Introduce typed errors and surface diagnostics.

**Scope**

* Replace unwraps in:

    * symbol resolution
    * import/export linking
    * entrypoint selection
* Ensure clean error return with context.

**Requirements Checklist**

* [ ] No panic paths for invalid user programs.

**Completion Tests**

* [ ] Invalid program produces diagnostics, not panic.

---

### PR-13 (3 pts) — Add regression test suite: link-order invariance + opcode-change immunity

**Briefing**

We need a system immune to opcode churn.

**Target**

Add tests that fail if:

* linker steps bytes manually
* decoder/spec drift exists
* link order changes semantics

**Scope**

* Link-order invariance tests.
* Spec coverage tests.
* Optional: lightweight “forbidden patterns” tests.

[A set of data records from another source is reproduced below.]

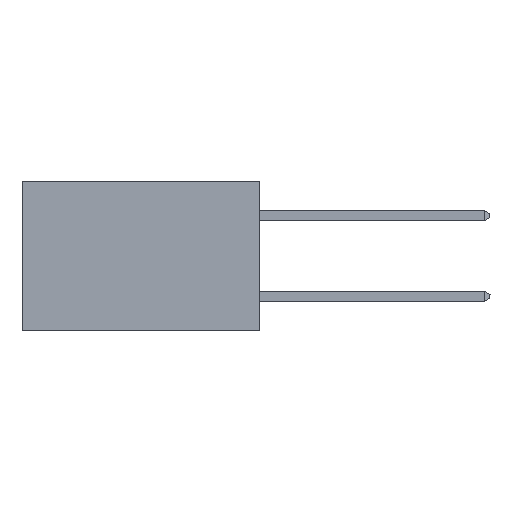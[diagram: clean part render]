
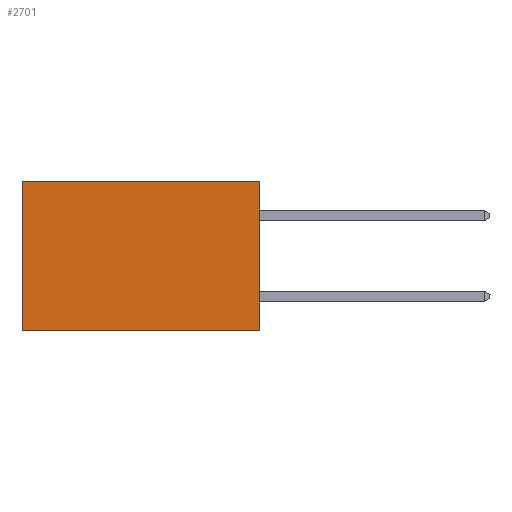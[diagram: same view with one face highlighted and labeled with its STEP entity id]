
A CAD part, left-side view. The second image highlights one B-rep face of the part: STEP entity #2701.
In plain terms, the highlighted planar face has unit normal (-1, 0, 0).
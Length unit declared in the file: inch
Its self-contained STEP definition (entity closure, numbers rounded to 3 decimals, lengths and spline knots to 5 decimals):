
#400 = AXIS2_PLACEMENT_3D ( 'NONE', #1106, #12737, #17687 ) ;
#1106 = CARTESIAN_POINT ( 'NONE',  ( 0.277, 0., -0.37 ) ) ;
#1619 = ORIENTED_EDGE ( 'NONE', *, *, #2246, .F. ) ;
#1808 = EDGE_CURVE ( 'NONE', #18339, #17789, #20201, .T. ) ;
#1975 = VECTOR ( 'NONE', #20147, 39.37008 ) ;
#2246 = EDGE_CURVE ( 'NONE', #4809, #10537, #15295, .T. ) ;
#2701 = ADVANCED_FACE ( 'NONE', ( #19668 ), #4543, .F. ) ;
#4543 = PLANE ( 'NONE',  #400 ) ;
#4809 = VERTEX_POINT ( 'NONE', #19178 ) ;
#5904 = ORIENTED_EDGE ( 'NONE', *, *, #10444, .F. ) ;
#8247 = CARTESIAN_POINT ( 'NONE',  ( 0.277, 0.59, -0.37 ) ) ;
#10444 = EDGE_CURVE ( 'NONE', #18339, #4809, #20078, .T. ) ;
#10537 = VERTEX_POINT ( 'NONE', #20481 ) ;
#10926 = VECTOR ( 'NONE', #14035, 39.37008 ) ;
#11502 = EDGE_LOOP ( 'NONE', ( #14295, #1619, #5904, #20840 ) ) ;
#12205 = CARTESIAN_POINT ( 'NONE',  ( 0.277, 0.59, 0. ) ) ;
#12737 = DIRECTION ( 'NONE',  ( 1., 0., 0. ) ) ;
#13012 = VECTOR ( 'NONE', #18193, 39.37008 ) ;
#13262 = EDGE_CURVE ( 'NONE', #17789, #10537, #13512, .T. ) ;
#13512 = LINE ( 'NONE', #8247, #13012 ) ;
#14035 = DIRECTION ( 'NONE',  ( 0., 1., 0. ) ) ;
#14295 = ORIENTED_EDGE ( 'NONE', *, *, #13262, .T. ) ;
#14484 = CARTESIAN_POINT ( 'NONE',  ( 0.277, 0., 0. ) ) ;
#15295 = LINE ( 'NONE', #20036, #1975 ) ;
#15519 = DIRECTION ( 'NONE',  ( 0., 0., -1. ) ) ;
#16859 = CARTESIAN_POINT ( 'NONE',  ( 0.277, 0., 0. ) ) ;
#17179 = CARTESIAN_POINT ( 'NONE',  ( 0.277, 0., -0.37 ) ) ;
#17687 = DIRECTION ( 'NONE',  ( 0., 0., -1. ) ) ;
#17789 = VERTEX_POINT ( 'NONE', #12205 ) ;
#18193 = DIRECTION ( 'NONE',  ( 0., 0., -1. ) ) ;
#18339 = VERTEX_POINT ( 'NONE', #16859 ) ;
#19178 = CARTESIAN_POINT ( 'NONE',  ( 0.277, 0., -0.37 ) ) ;
#19584 = VECTOR ( 'NONE', #15519, 39.37008 ) ;
#19668 = FACE_OUTER_BOUND ( 'NONE', #11502, .T. ) ;
#20036 = CARTESIAN_POINT ( 'NONE',  ( 0.277, 0., -0.37 ) ) ;
#20078 = LINE ( 'NONE', #17179, #19584 ) ;
#20147 = DIRECTION ( 'NONE',  ( 0., 1., 0. ) ) ;
#20201 = LINE ( 'NONE', #14484, #10926 ) ;
#20481 = CARTESIAN_POINT ( 'NONE',  ( 0.277, 0.59, -0.37 ) ) ;
#20840 = ORIENTED_EDGE ( 'NONE', *, *, #1808, .T. ) ;

**Requirements Checklist**

* [ ] Changing an opcode immediate size requires updating only the spec and tests.

**Completion Tests**

* [ ] All new regression tests pass.

---

## Summary of Estimated Cost (Points)

* Phase 1: PR-01 (3) + PR-02 (5) + PR-03 (3) = **11**
* Phase 2: PR-04 (5) + PR-05 (3) + PR-06 (3) = **11**
* Phase 3: PR-07 (5) + PR-08 (5) + PR-09 (3) = **13**
* Phase 4: PR-10 (5) + PR-11 (5) = **10**
* Phase 5: PR-12 (3) + PR-13 (3) = **6**

**Total: 51 points**

> Note: If any PR starts to exceed 5 points in practice, it must be split into smaller PRs.

---

## Non-Negotiables

* No compatibility with legacy encodings.
* No heuristics.
* No string hacks.
* One canonical decoder/spec/layout.
* Everything in English (including review comments).